THE YEARLY READER

1910: A Carload of Trouble

The World Series becomes anticlimactic following a strange and controversial ending to the individual batting race between two of baseball’s premier hitters: Ty Cobb and Nap Lajoie.

Nap Lajoie and Ty Cobb in a Chalmers auto

Cleveland’s Nap Lajoie (left) and Detroit’s Ty Cobb take a backseat in the luxurious Chalmers 30 as their highly publicized batting race went into high gear and resulted in one of baseball’s most controversial endings. (The Rucker Archive)

A four-cylinder engine. Thirty horsepower. An exquisite exterior with plush vinyl upholstery on the inside, protected by a retractable top. Excellent for touring.

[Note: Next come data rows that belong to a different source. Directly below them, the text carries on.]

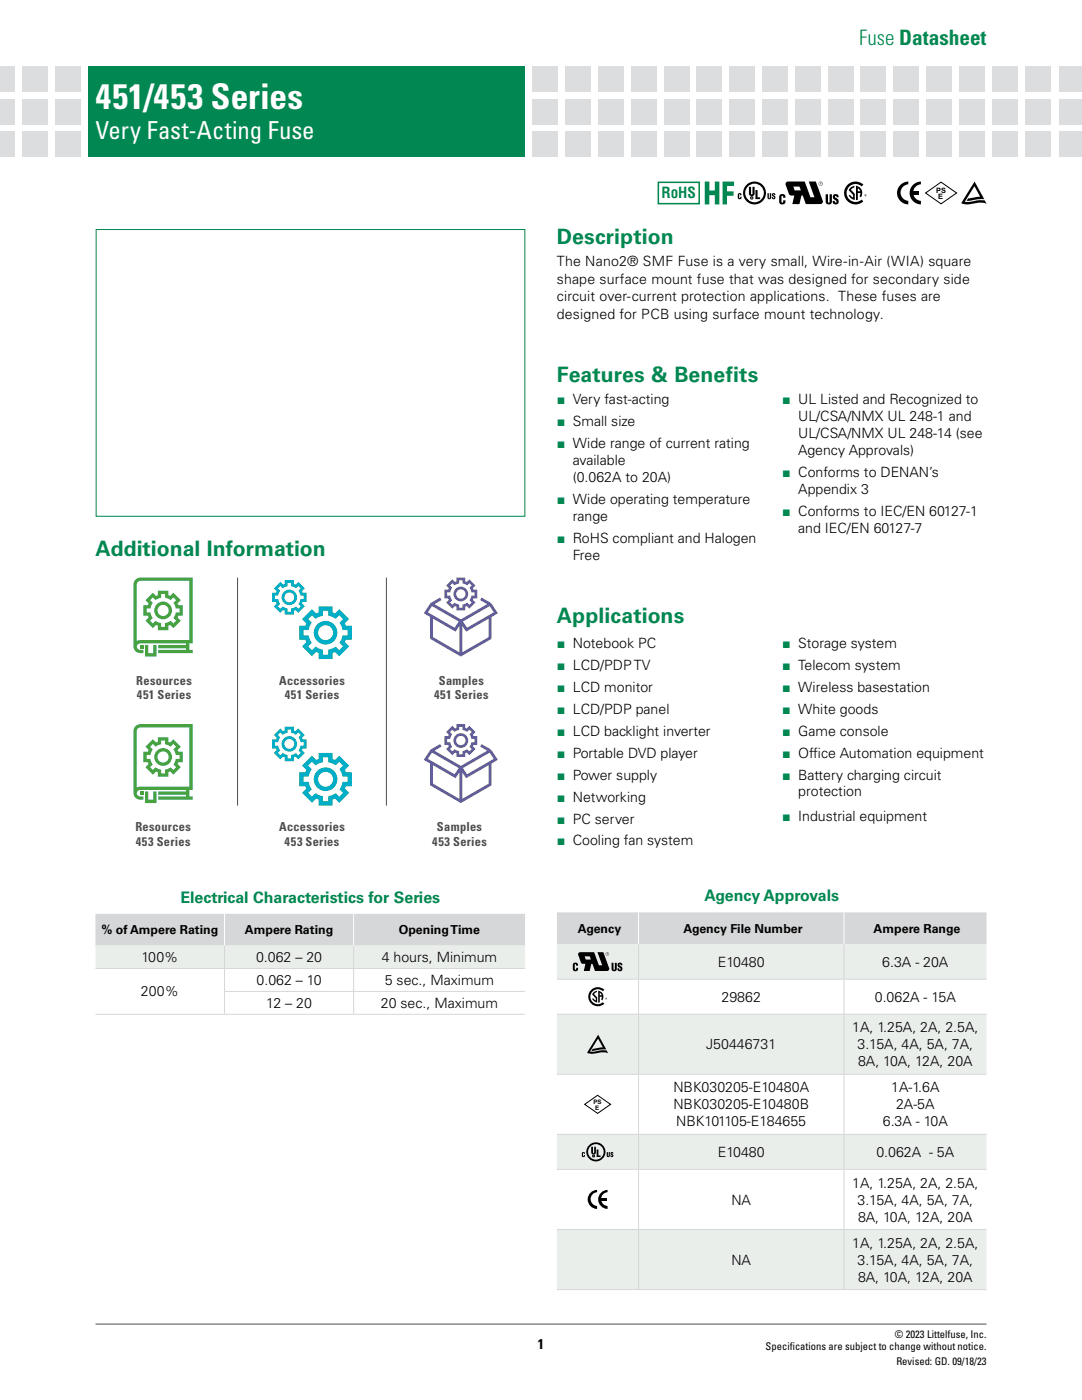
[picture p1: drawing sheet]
<svg xmlns="http://www.w3.org/2000/svg" width="216mm" height="279mm" viewBox="0 0 216 279" stroke-linecap="round" stroke-linejoin="round" font-family="sans-serif">
<path d="M19 264.2h177.8" fill="none" stroke="#4d4d4f" stroke-width=".2"/>
<path d="M17.6 13.2h87.2v18.1h-87.2z" fill="#008752"/>
<g fill="#dcddde">
<path d="M11.1 13.2h5v5h-5z"/>
<path d="M11.1 19.8h5v5h-5z"/>
<path d="M11.1 26.3h5v5h-5z"/>
<path d="M4.5 13.2h5v5h-5z"/>
<path d="M4.5 19.8h5v5h-5z"/>
<path d="M4.5 26.3h5v5h-5z"/>
<path d="M-.1 13.2h3.1v5h-3.1z"/>
<path d="M-.1 19.8h3.1v5h-3.1z"/>
<path d="M-.1 26.3h3.1v5h-3.1z"/>
<path d="M204.5 13.2h5.1v5h-5.1z"/>
<path d="M204.5 19.8h5.1v5h-5.1z"/>
<path d="M204.5 26.3h5.1v5h-5.1z"/>
<path d="M106.3 13.2h5v5h-5z"/>
<path d="M106.3 19.8h5v5h-5z"/>
<path d="M106.3 26.3h5v5h-5z"/>
<path d="M112.9 13.2h5v5h-5z"/>
<path d="M112.9 19.8h5v5h-5z"/>
<path d="M112.9 26.3h5v5h-5z"/>
<path d="M119.4 13.2h5v5h-5z"/>
<path d="M119.4 19.8h5v5h-5z"/>
<path d="M119.4 26.3h5v5h-5z"/>
<path d="M126 13.2h5v5h-5z"/>
<path d="M126 19.8h5v5h-5z"/>
<path d="M126 26.3h5v5h-5z"/>
<path d="M132.5 13.2h5v5h-5z"/>
<path d="M132.5 19.8h5v5h-5z"/>
<path d="M132.5 26.3h5v5h-5z"/>
<path d="M139.1 13.2h5v5h-5z"/>
<path d="M139.1 19.8h5v5h-5z"/>
<path d="M139.1 26.3h5v5h-5z"/>
<path d="M145.6 13.2h5v5h-5z"/>
<path d="M145.6 19.8h5v5h-5z"/>
<path d="M145.6 26.3h5v5h-5z"/>
<path d="M152.1 13.2h5.1v5h-5.1z"/>
<path d="M152.1 19.8h5.1v5h-5.1z"/>
<path d="M152.1 26.3h5.1v5h-5.1z"/>
<path d="M158.7 13.2h5v5h-5z"/>
<path d="M158.7 19.8h5v5h-5z"/>
<path d="M158.7 26.3h5v5h-5z"/>
<path d="M165.2 13.2h5v5h-5z"/>
<path d="M165.2 19.8h5v5h-5z"/>
<path d="M165.2 26.3h5v5h-5z"/>
<path d="M171.8 13.2h5v5h-5z"/>
<path d="M171.8 19.8h5v5h-5z"/>
<path d="M171.8 26.3h5v5h-5z"/>
<path d="M178.3 13.2h5v5h-5z"/>
<path d="M178.3 19.8h5v5h-5z"/>
<path d="M178.3 26.3h5v5h-5z"/>
<path d="M184.9 13.2h5v5h-5z"/>
<path d="M184.9 19.8h5v5h-5z"/>
<path d="M184.9 26.3h5v5h-5z"/>
<path d="M191.4 13.2h5v5h-5z"/>
<path d="M191.4 19.8h5v5h-5z"/>
<path d="M191.4 26.3h5v5h-5z"/>
<path d="M198 13.2h5v5h-5z"/>
<path d="M198 19.8h5v5h-5z"/>
<path d="M198 26.3h5v5h-5z"/>
<path d="M211.3 13.2h4.6v5h-4.6z"/>
<path d="M211.3 19.8h4.6v5h-4.6z"/>
<path d="M211.3 26.3h4.6v5h-4.6z"/>
</g>
<path d="M111.1 182.1h16.3v6.3h-16.3zM127.4 182.1h41v6.3h-41zM168.4 182.1h28.4v6.3h-28.4z" fill="#d5d7d8"/>
<path d="M111.1 188.4h16.3v7h-16.3zM127.4 188.4h41v7h-41zM168.4 188.4h28.4v7h-28.4zM111.1 245.4h16.3v12h-16.3zM127.4 245.4h41v12h-41zM168.4 245.4h28.4v12h-28.4z" fill="#eaeeeb"/>
<path d="M111.1 195.4h16.3v7h-16.3zM127.4 195.4h41v7h-41zM168.4 195.4h28.4v7h-28.4z" fill="#fff"/>
<path d="M111.1 202.4h16.3v12h-16.3zM127.4 202.4h41v12h-41zM168.4 202.4h28.4v12h-28.4zM111.1 226.4h16.3v7h-16.3zM127.4 226.4h41v7h-41zM168.4 226.4h28.4v7h-28.4z" fill="#eaeeeb"/>
<path d="M111.1 214.4h16.3v12h-16.3zM127.4 214.4h41v12h-41zM168.4 214.4h28.4v12h-28.4zM111.1 233.4h16.3v12h-16.3zM127.4 233.4h41v12h-41zM168.4 233.4h28.4v12h-28.4z" fill="#fff"/>
<path d="M127.4 182.1v6.3M168.4 182.1v6.3" fill="none" stroke="#fff" stroke-width=".2"/>
<g fill="none" stroke="#d5d7d8" stroke-width=".2">
<path d="M111.1 195.4h85.8M127.4 188.4v7M127.4 195.5v6.9M168.4 188.4v7M168.4 195.5v6.9M111.1 202.4h85.8M111.1 214.4h85.8M127.4 202.5v11.9M127.4 214.4v11.9M168.4 202.5v11.9M168.4 214.4v11.9M111.1 226.4h85.8"/>
<path d="M111.1 233.4h85.8M127.4 226.4v6.9M127.4 233.4v11.9M168.4 226.4v6.9M168.4 233.4v11.9M111.1 245.4h85.8M111.1 257.4h85.8M127.4 245.4v11.9M168.4 245.4v11.9"/>
</g>
<g fill="#000">
<path d="M114.5 192.2a.54 .54 0 0 1 .6 0 .54 .54 0 0 1 .2 .5h-.3l-.1-.2-.2-.1v1.1h.2l.1-.3h.4l-.1 .4a.59 .59 0 0 1-1 0 1.5 1.5 0 0 1 .2-1.4zM118.4 198.1l.7-.4v.3l-.6 .4 .7 .6v1.1l-.5-.2-.5-.6 .1-.1 .6 .5v-.5l-.7-.7zM122 192.1h.4v1.3l.2 .1 .1-.1v-1.3h.4l-.1 1.5a.54 .54 0 0 1-.6 .2 .54 .54 0 0 1-.4-.5zM123.3 192.3a.51 .51 0 0 1 .6-.2 .51 .51 0 0 1 .3 .5h-.4l-.1-.2-.1 .2a.61 .61 0 0 1 .6 .6 .61 .61 0 0 1-.5 .6l-.5-.2v-.4h.4l.1 .3 .1-.1-.6-.6zM117.9 197.6a1.9 1.9 0 0 1 2.7-.1l-.3 .3a1.49 1.49 0 0 0-2.1 .1 1.49 1.49 0 0 0 0 2.1 1.49 1.49 0 0 0 2.1 0l.3 .3a1.91 1.91 0 0 1-2.7-.1 1.91 1.91 0 0 1 0-2.6zM116.2 229.9a.32 .32 0 0 1 .4 0 .32 .32 0 0 1 .1 .4l-.3-.2v.6l.1-.2h.2v.1l-.1 .3h-.4l-.1-.7zM117.8 238l.8-.5h.5v.4a1.38 1.38 0 0 0-1.2 1.4 1.38 1.38 0 0 0 1.2 1.4v.6a1.9 1.9 0 0 1-1.7-1.2 1.9 1.9 0 0 1 .4-2.1zM118 228.9h.3v1.1l.1 .1 .2-.1v-1.1h.3v1.3a.5 .5 0 0 1-.6 .2 .5 .5 0 0 1-.3-.5zM119.1 229.4h.3v1.2h.4v.3h-.7zM119.9 238l.8-.5h.5v.4a1.38 1.38 0 0 0-1.3 1.4 1.38 1.38 0 0 0 1.3 1.4v.6a1.9 1.9 0 0 1-1.7-1.2 1.9 1.9 0 0 1 .4-2.1zM119.5 239h1.5v.6h-1.5zM121.1 229.9h.2l.1 .9 .1-.9h.2l-.1 1-.5-.1z"/>
<path d="M121.8 230l.5-.1 .1 .3-.4-.1a.42 .42 0 0 1 .3 .4 .42 .42 0 0 1-.2 .4l-.3-.1v-.2h.2l.1 .2 .1-.1-.4-.4z"/>
<path d="M116.7 190.9h1l.2 .6h-1zM115.6 190.1l-.2 .4 .6 1.7 .3 .2h.5l-.3 1.4h1.2l.3-1.4h.2l.5 1.4h2.5a.42 .42 0 0 0 .3-.7l-1.1-3.1h-1.2l1 2.6h-.7l-1-2.6z"/>
<path d="M119.7 198.1l.4 .5h-.4zM119.4 197.7v2.4l.3-.1v-1.1h.4l-.2 .5 .3 .3a1.22 1.22 0 0 0-.8-2z"/>
<path d="M120.9 199.2l.1 .2h-.1zM120.8 199.3a.15 .15 0 0 0 .3 0 .15 .15 0 0 0-.3 0zM120.8 199.3a.17 .17 0 0 1 .3 0 .17 .17 0 0 1-.3 0z"/>
<path d="M121.1 190.2l.1 .1zM121.1 190.2v.3v-.1l.2 .1v-.3z"/>
<path d="M120.9 190.4a.3 .3 0 0 1 .6 0 .3 .3 0 0 1-.6 0zM120.8 190.4a.35 .35 0 0 0 .7 0 .35 .35 0 0 0-.7 0z"/>
<path d="M118.4 230.6v.2v-.1l.1 .1zM118.4 230.6l.1 .1z"/>
<path d="M117.3 229.9a1.6 1.6 0 0 0 3.2 0 1.6 1.6 0 0 0-3.2 0zM117 229.9a1.91 1.91 0 0 1 3.8 0 1.91 1.91 0 0 1-3.8 0z"/>
</g>
<path d="M119.4 206.5l1.6 2.9-3 .3 .3-.4 2-.3-1-1.7-1.6 2.6 3.2-.3h.2l.2 .6a4.8 4.8 0 0 0-2.8 .1h-.8l-.6-.2z" fill-rule="evenodd" fill="#000"/>
<g fill="none" stroke="#000" stroke-width=".2">
<path d="M116.7 220.4l2.5-1.8 2.6 1.8-2.6 1.8z"/>
<circle cx="118.4" cy="230.7" r=".2"/>
</g>
<path d="M19 182.4h25.8v6.3h-25.8zM44.8 182.4h25.8v6.3h-25.8zM70.6 182.4h34.2v6.3h-34.2z" fill="#d5d7d8"/>
<path d="M19 188.7h25.8v4.6h-25.8zM44.8 188.7h25.8v4.6h-25.8zM70.6 188.7h34.2v4.6h-34.2z" fill="#eaeeeb"/>
<g fill="#fff">
<path d="M19 193.3h25.8v9.1h-25.8zM44.8 193.3h25.8v4.6h-25.8zM70.6 193.3h34.2v4.6h-34.2z"/>
<path d="M44.8 197.9h25.8v4.5h-25.8zM70.6 197.9h34.2v4.5h-34.2z"/>
</g>
<path d="M44.8 182.4v6.3M70.6 182.4v6.3" fill="none" stroke="#fff" stroke-width=".2"/>
<path d="M19 193.3h85.8M44.8 197.9h60M44.8 188.7v4.5M44.8 193.3v4.5M44.8 197.9v4.4M70.6 188.7v4.5M70.6 193.3v4.5M70.6 197.9v4.4M19 202.4h85.8" fill="none" stroke="#d5d7d8" stroke-width=".2"/>
<path d="M131.4 36.4h8.1v4.2h-8.1z" fill="#fff"/>
<path d="M131.4 36.4h8.1v4.2h-8.1z" fill="none" stroke="#008752" stroke-width=".31"/>
<g fill="#000">
<path d="M147.4 38.6a.38 .38 0 0 1 .4 0 .38 .38 0 0 1 .2 .4h-.3v-.2h-.2v.7h.2v-.2h.3l-.1 .3a.42 .42 0 0 1-.6 0l-.1-.7zM149.4 37.3h.5v1.3l.1 .2 .2-.2v-1.3h.4v1.3a.57 .57 0 0 1-.6 .6 .57 .57 0 0 1-.6-.6zM150.7 37.9h.5v1.5h.5v.3h-1zM153.1 38.6h.3l.1 1 .1-1h.3l-.1 1a.39 .39 0 0 1-.4 .2 .39 .39 0 0 1-.3-.4zM154.1 38.7a.36 .36 0 0 1 .4-.2 .36 .36 0 0 1 .2 .4l-.4-.1a.59 .59 0 0 1 .3 .9l-.6-.1v-.3h.3l.1 .3 .1-.2-.5-.4zM155.6 38.9l.2-.1a.62 .62 0 0 1 .7 0 .62 .62 0 0 1 .2 .7h-.4l-.1-.4h-.2v1.3l.2-.1 .1-.3h.4a.65 .65 0 0 1-.5 .8 .65 .65 0 0 1-.7-.6zM164.8 38.8h.4v1.5l.2 .1 .1-.1v-1.5h.5v1.4a.63 .63 0 0 1-.6 .6 .63 .63 0 0 1-.6-.6zM169.7 37.5l.8-.4v.3l-.7 .5 .8 .8v1.2a1.72 1.72 0 0 1-1.2-.9l.2-.1 .6 .5v-.5l-.8-.9zM166.3 38.9a.61 .61 0 0 1 .7-.1 .61 .61 0 0 1 .3 .6h-.4l-.1-.3-.2 .3a.78 .78 0 0 1 .7 .5 .78 .78 0 0 1-.3 .9l-.6-.1-.2-.4v-.2h.4v.3h.2l.1-.3a.83 .83 0 0 1-.6-1.2zM169.1 36.9a2.29 2.29 0 0 1 3.2 0l-.4 .3a1.79 1.79 0 0 0-2.5 .1 1.79 1.79 0 0 0 0 2.5 1.79 1.79 0 0 0 2.5 0l.4 .4a2.29 2.29 0 0 1-3.2-.1 2.29 2.29 0 0 1 0-3.2z"/>
<path d="M149.9 39.3v.3l.1-.1 .1 .1v-.2zM150 39.4v.1z"/>
<path d="M158.3 37.2h1.2l.3 .8h-1.2zM156.8 36.5v.3l.7 2 .4 .2h.6l-.4 1.7h1.4l.4-1.7h.3l.6 1.7h2.9a.5 .5 0 0 0 .4-.7l-1.3-3.8h-1.4l1.1 3.2h-.8l-1.1-3.2h-3.4z"/>
<path d="M163.7 36.4l.1 .2h-.1zM163.6 36.4v.4l.1-.2 .2 .2v-.4z"/>
<path d="M163.4 36.7a.36 .36 0 0 1 .7 0 .36 .36 0 0 1-.7 0zM163.3 36.7a.45 .45 0 0 0 .9 0 .45 .45 0 0 0-.9 0z"/>
<path d="M171.2 37.5l.4 .7h-.4zM170.8 37.1v2.8l.4-.1v-1.3h.5l-.2 .6 .3 .3a1.48 1.48 0 0 0-1-2.3z"/>
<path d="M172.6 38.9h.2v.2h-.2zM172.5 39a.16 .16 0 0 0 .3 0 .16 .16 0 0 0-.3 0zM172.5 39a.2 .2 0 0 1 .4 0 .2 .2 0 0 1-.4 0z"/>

It was the Chalmers 30, and starting in 1910, it was yours if you had the best batting average in major league baseball.

Throughout the season, many of the game’s finest hitters played musical chairs with the top spot of the batting charts in a bid to secure one of the sweetest automobiles Detroit had to offer. But toward season’s end, only two of the game’s very best remained the last men running in the race for the Chalmers: Nap Lajoie and Ty Cobb.

Between them, Lajoie and Cobb had won six batting titles over the American League’s first nine years. Lajoie was so well liked and highly regarded, they renamed the team after him when he came to Cleveland. Cobb, on the other hand, remained the consensus choice for the most hated man in baseball, thanks to his vicious attitude toward almost everything in life.

Both pennant races long decided, the baseball public became transfixed on the Lajoie-Cobb race. The two players were into the drama as well; in an era where a gift such as a sparkling new car could greatly augment a player’s yearly worth, extra income was nothing to yawn at.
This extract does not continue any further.